In non-GKE Kubernetes clusters, credentials must be explicitly provided through the OperatorConfig resource in the gmp-public namespace.

  1. Set the context to your target project:

    gcloud config set project PROJECT_ID
    
  2. Create a service account:

    gcloud iam service-accounts create gmp-test-sa
    

  3. Grant the required permissions to the service account:

    gcloud projects add-iam-policy-binding PROJECT_ID \
      --member=serviceAccount:gmp-test-sa@PROJECT_ID.iam.gserviceaccount.com \
      --role=roles/monitoring.viewer \
    && \
    gcloud projects add-iam-policy-binding PROJECT_ID\
      --member=serviceAccount:gmp-test-sa@PROJECT_ID.iam.gserviceaccount.com \
      --role=roles/monitoring.metricWriter
    

  4. Create and download a key for the service account:

    gcloud iam service-accounts keys create gmp-test-sa-key.json \
      --iam-account=gmp-test-sa@PROJECT_ID.iam.gserviceaccount.com
    
  5. Add the key file as a secret to your non-GKE cluster:

    kubectl -n gmp-public create secret generic gmp-test-sa \
      --from-file=key.json=gmp-test-sa-key.json
    

  6. Open the OperatorConfig resource for editing:

    kubectl -n gmp-public edit operatorconfig config
    

  7. Add the text shown in bold to the resource:

    apiVersion: monitoring.googleapis.com/v1
    kind: OperatorConfig
    metadata:
      namespace: gmp-public
      name: config
    rules:
      credentials:
        name: gmp-test-sa
        key: key.json
    
    Make sure you also add these credentials to the collection section so that managed collection works.

  8. Save the file and close the editor. After the change is applied, the pods are re-created and start authenticating to the metric backend with the given service account.

Alertmanager configuration

You can use the OperatorConfig resource to configure the managed rule-evaluator to send alerts to a self-deployed Prometheus Alertmanager.

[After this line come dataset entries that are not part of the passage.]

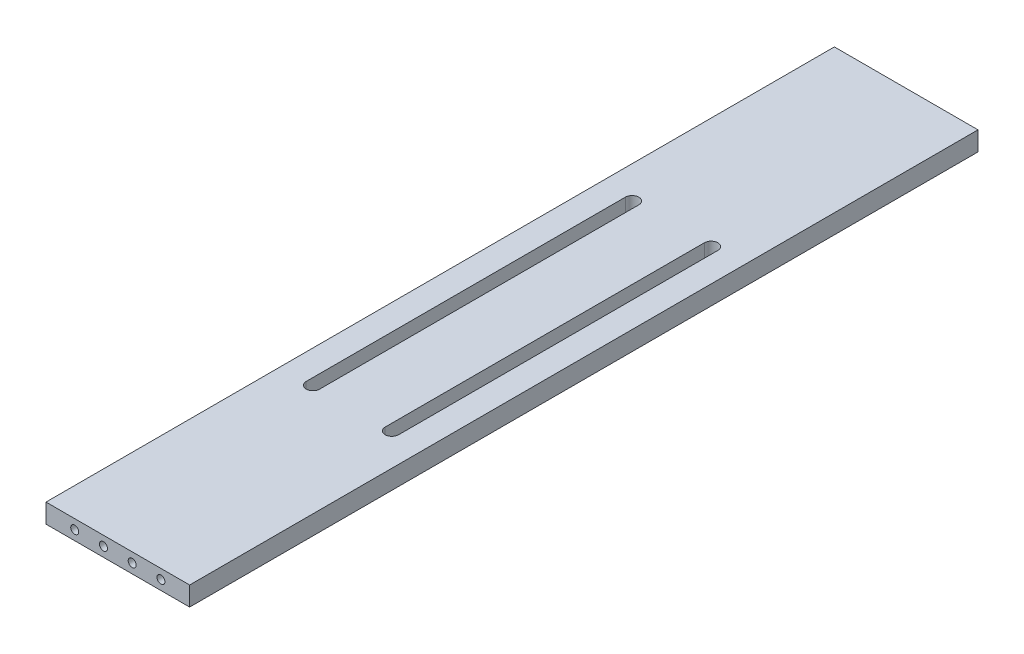
ISO-10303-21;
HEADER;
FILE_DESCRIPTION(('STEP AP214'),'2;1');
FILE_NAME('part.step','',(''),(''),'','','');
FILE_SCHEMA(('AUTOMOTIVE_DESIGN { 1 0 10303 214 1 1 1 1 }'));
ENDSEC;
DATA;
#1=APPLICATION_CONTEXT('core data for automotive mechanical design processes');
#2=APPLICATION_PROTOCOL_DEFINITION('international standard','automotive_design',2000,#1);
#3=PRODUCT_CONTEXT('',#1,'mechanical');
#4=PRODUCT('Part','Part','',(#3));
#5=PRODUCT_RELATED_PRODUCT_CATEGORY('part','',(#4));
#6=PRODUCT_DEFINITION_FORMATION('','',#4);
#7=PRODUCT_DEFINITION_CONTEXT('part definition',#1,'design');
#8=PRODUCT_DEFINITION('design','',#6,#7);
#9=PRODUCT_DEFINITION_SHAPE('','',#8);
#10=(LENGTH_UNIT() NAMED_UNIT(*) SI_UNIT(.MILLI.,.METRE.));
#11=(NAMED_UNIT(*) PLANE_ANGLE_UNIT() SI_UNIT($,.RADIAN.));
#12=(NAMED_UNIT(*) SI_UNIT($,.STERADIAN.) SOLID_ANGLE_UNIT());
#13=UNCERTAINTY_MEASURE_WITH_UNIT(LENGTH_MEASURE(1.E-05),#10,'distance_accuracy_value','');
#14=(GEOMETRIC_REPRESENTATION_CONTEXT(3) GLOBAL_UNCERTAINTY_ASSIGNED_CONTEXT((#13)) GLOBAL_UNIT_ASSIGNED_CONTEXT((#10,
#11,#12)) REPRESENTATION_CONTEXT('',''));
#15=CARTESIAN_POINT('',(0.,0.,0.));
#16=DIRECTION('',(0.,0.,1.));
#17=DIRECTION('',(1.,0.,0.));
#18=AXIS2_PLACEMENT_3D('',#15,#16,#17);
#19=CARTESIAN_POINT('',(-22.5,6.,0.));
#20=DIRECTION('',(0.,0.,1.));
#21=DIRECTION('',(1.,0.,0.));
#22=AXIS2_PLACEMENT_3D('',#19,#20,#21);
#23=PLANE('',#22);
#24=CARTESIAN_POINT('',(13.5000000000001,2.99999999999998,0.));
#25=DIRECTION('',(0.,0.,-1.));
#26=DIRECTION('',(-1.,0.,0.));
#27=AXIS2_PLACEMENT_3D('',#24,#25,#26);
#28=CIRCLE('',#27,1.24999999999999);
#29=CARTESIAN_POINT('',(12.2500000000001,2.99999999999998,0.));
#30=VERTEX_POINT('',#29);
#31=EDGE_CURVE('E162',#30,#30,#28,.T.);
#32=ORIENTED_EDGE('',*,*,#31,.F.);
#33=EDGE_LOOP('',(#32));
#34=FACE_BOUND('',#33,.T.);
#35=CARTESIAN_POINT('',(4.50000000000006,2.99999999999998,0.));
#36=DIRECTION('',(0.,0.,-1.));
#37=DIRECTION('',(-1.,0.,0.));
#38=AXIS2_PLACEMENT_3D('',#35,#36,#37);
#39=CIRCLE('',#38,1.24999999999999);
#40=CARTESIAN_POINT('',(3.25000000000007,2.99999999999998,0.));
#41=VERTEX_POINT('',#40);
#42=EDGE_CURVE('E161',#41,#41,#39,.T.);
#43=ORIENTED_EDGE('',*,*,#42,.F.);
#44=EDGE_LOOP('',(#43));
#45=FACE_BOUND('',#44,.T.);
#46=CARTESIAN_POINT('',(-4.49999999999993,2.99999999999999,0.));
#47=DIRECTION('',(0.,0.,-1.));
#48=DIRECTION('',(-1.,0.,0.));
#49=AXIS2_PLACEMENT_3D('',#46,#47,#48);
#50=CIRCLE('',#49,1.24999999999999);
#51=CARTESIAN_POINT('',(-5.74999999999992,2.99999999999999,0.));
#52=VERTEX_POINT('',#51);
#53=EDGE_CURVE('E172',#52,#52,#50,.T.);
#54=ORIENTED_EDGE('',*,*,#53,.F.);
#55=EDGE_LOOP('',(#54));
#56=FACE_BOUND('',#55,.T.);
#57=CARTESIAN_POINT('',(-13.4999999999999,3.,0.));
#58=DIRECTION('',(0.,0.,-1.));
#59=DIRECTION('',(-1.,0.,0.));
#60=AXIS2_PLACEMENT_3D('',#57,#58,#59);
#61=CIRCLE('',#60,1.24999999999999);
#62=CARTESIAN_POINT('',(-14.7499999999999,3.,0.));
#63=VERTEX_POINT('',#62);
#64=EDGE_CURVE('E178',#63,#63,#61,.T.);
#65=ORIENTED_EDGE('',*,*,#64,.F.);
#66=EDGE_LOOP('',(#65));
#67=FACE_BOUND('',#66,.T.);
#68=DIRECTION('',(-1.,0.,0.));
#69=VECTOR('',#68,1.);
#70=CARTESIAN_POINT('',(-22.5,0.,0.));
#71=LINE('',#70,#69);
#72=CARTESIAN_POINT('',(22.5,0.,0.));
#73=VERTEX_POINT('',#72);
#74=CARTESIAN_POINT('',(-22.5,0.,0.));
#75=VERTEX_POINT('',#74);
#76=EDGE_CURVE('E262',#73,#75,#71,.T.);
#77=ORIENTED_EDGE('',*,*,#76,.T.);
#78=DIRECTION('',(0.,-1.,0.));
#79=VECTOR('',#78,1.);
#80=CARTESIAN_POINT('',(-22.5,6.,0.));
#81=LINE('',#80,#79);
#82=CARTESIAN_POINT('',(-22.5,6.,0.));
#83=VERTEX_POINT('',#82);
#84=EDGE_CURVE('E11',#83,#75,#81,.T.);
#85=ORIENTED_EDGE('',*,*,#84,.F.);
#86=DIRECTION('',(-1.,0.,0.));
#87=VECTOR('',#86,1.);
#88=CARTESIAN_POINT('',(-22.5,6.,0.));
#89=LINE('',#88,#87);
#90=CARTESIAN_POINT('',(22.5,6.,0.));
#91=VERTEX_POINT('',#90);
#92=EDGE_CURVE('E269',#91,#83,#89,.T.);
#93=ORIENTED_EDGE('',*,*,#92,.F.);
#94=DIRECTION('',(0.,-1.,0.));
#95=VECTOR('',#94,1.);
#96=CARTESIAN_POINT('',(22.5,6.,0.));
#97=LINE('',#96,#95);
#98=EDGE_CURVE('E279',#91,#73,#97,.T.);
#99=ORIENTED_EDGE('',*,*,#98,.T.);
#100=EDGE_LOOP('',(#77,#85,#93,#99));
#101=FACE_BOUND('',#100,.T.);
#102=ADVANCED_FACE('F41',(#34,#45,#56,#67,#101),#23,.F.);
#103=CARTESIAN_POINT('',(-22.5,6.,0.));
#104=DIRECTION('',(1.,0.,0.));
#105=DIRECTION('',(0.,0.,-1.));
#106=AXIS2_PLACEMENT_3D('',#103,#104,#105);
#107=PLANE('',#106);
#108=DIRECTION('',(0.,0.,1.));
#109=VECTOR('',#108,1.);
#110=CARTESIAN_POINT('',(-22.5,0.,0.));
#111=LINE('',#110,#109);
#112=CARTESIAN_POINT('',(-22.5,0.,247.));
#113=VERTEX_POINT('',#112);
#114=EDGE_CURVE('E282',#75,#113,#111,.T.);
#115=ORIENTED_EDGE('',*,*,#114,.T.);
#116=DIRECTION('',(0.,-1.,0.));
#117=VECTOR('',#116,1.);
#118=CARTESIAN_POINT('',(-22.5,6.,247.));
#119=LINE('',#118,#117);
#120=CARTESIAN_POINT('',(-22.5,6.,247.));
#121=VERTEX_POINT('',#120);
#122=EDGE_CURVE('E48',#121,#113,#119,.T.);
#123=ORIENTED_EDGE('',*,*,#122,.F.);
#124=DIRECTION('',(0.,0.,1.));
#125=VECTOR('',#124,1.);
#126=CARTESIAN_POINT('',(-22.5,6.,0.));
#127=LINE('',#126,#125);
#128=EDGE_CURVE('E272',#83,#121,#127,.T.);
#129=ORIENTED_EDGE('',*,*,#128,.F.);
#130=ORIENTED_EDGE('',*,*,#84,.T.);
#131=EDGE_LOOP('',(#115,#123,#129,#130));
#132=FACE_BOUND('',#131,.T.);
#133=ADVANCED_FACE('F312',(#132),#107,.F.);
#134=CARTESIAN_POINT('',(-22.5,6.,247.));
#135=DIRECTION('',(0.,0.,-1.));
#136=DIRECTION('',(-1.,0.,0.));
#137=AXIS2_PLACEMENT_3D('',#134,#135,#136);
#138=PLANE('',#137);
#139=CARTESIAN_POINT('',(-13.5,3.,247.));
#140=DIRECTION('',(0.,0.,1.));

To configure the rule-evaluator, do the following:

  1. Open the OperatorConfig resource for editing:

    kubectl -n gmp-public edit operatorconfig config
    
  2. Configure the resource to send alerts to your Alertmanager service:

    apiVersion: monitoring.googleapis.com/v1
    kind: OperatorConfig
    metadata:
      namespace: gmp-public
      name: config
    rules:
      alerting:
        alertmanagers:
        - name: SERVICE_NAME
          namespace: SERVICE_NAMESPACE
          port: PORT_NAME
    

If your Alertmanager is located in a different cluster than your rule-evaluator, you might need to set up a Endpoints resource. For example, if your OperatorConfig says that Alertmanager endpoints can be found in Endpoints object ns=alertmanager/name=alertmanager, you can manually or programmatically create this object yourself and populate it with reachable IPs from the other cluster. The AlertmanagerEndpoints configuration section provides options for authorization configuration if necessary.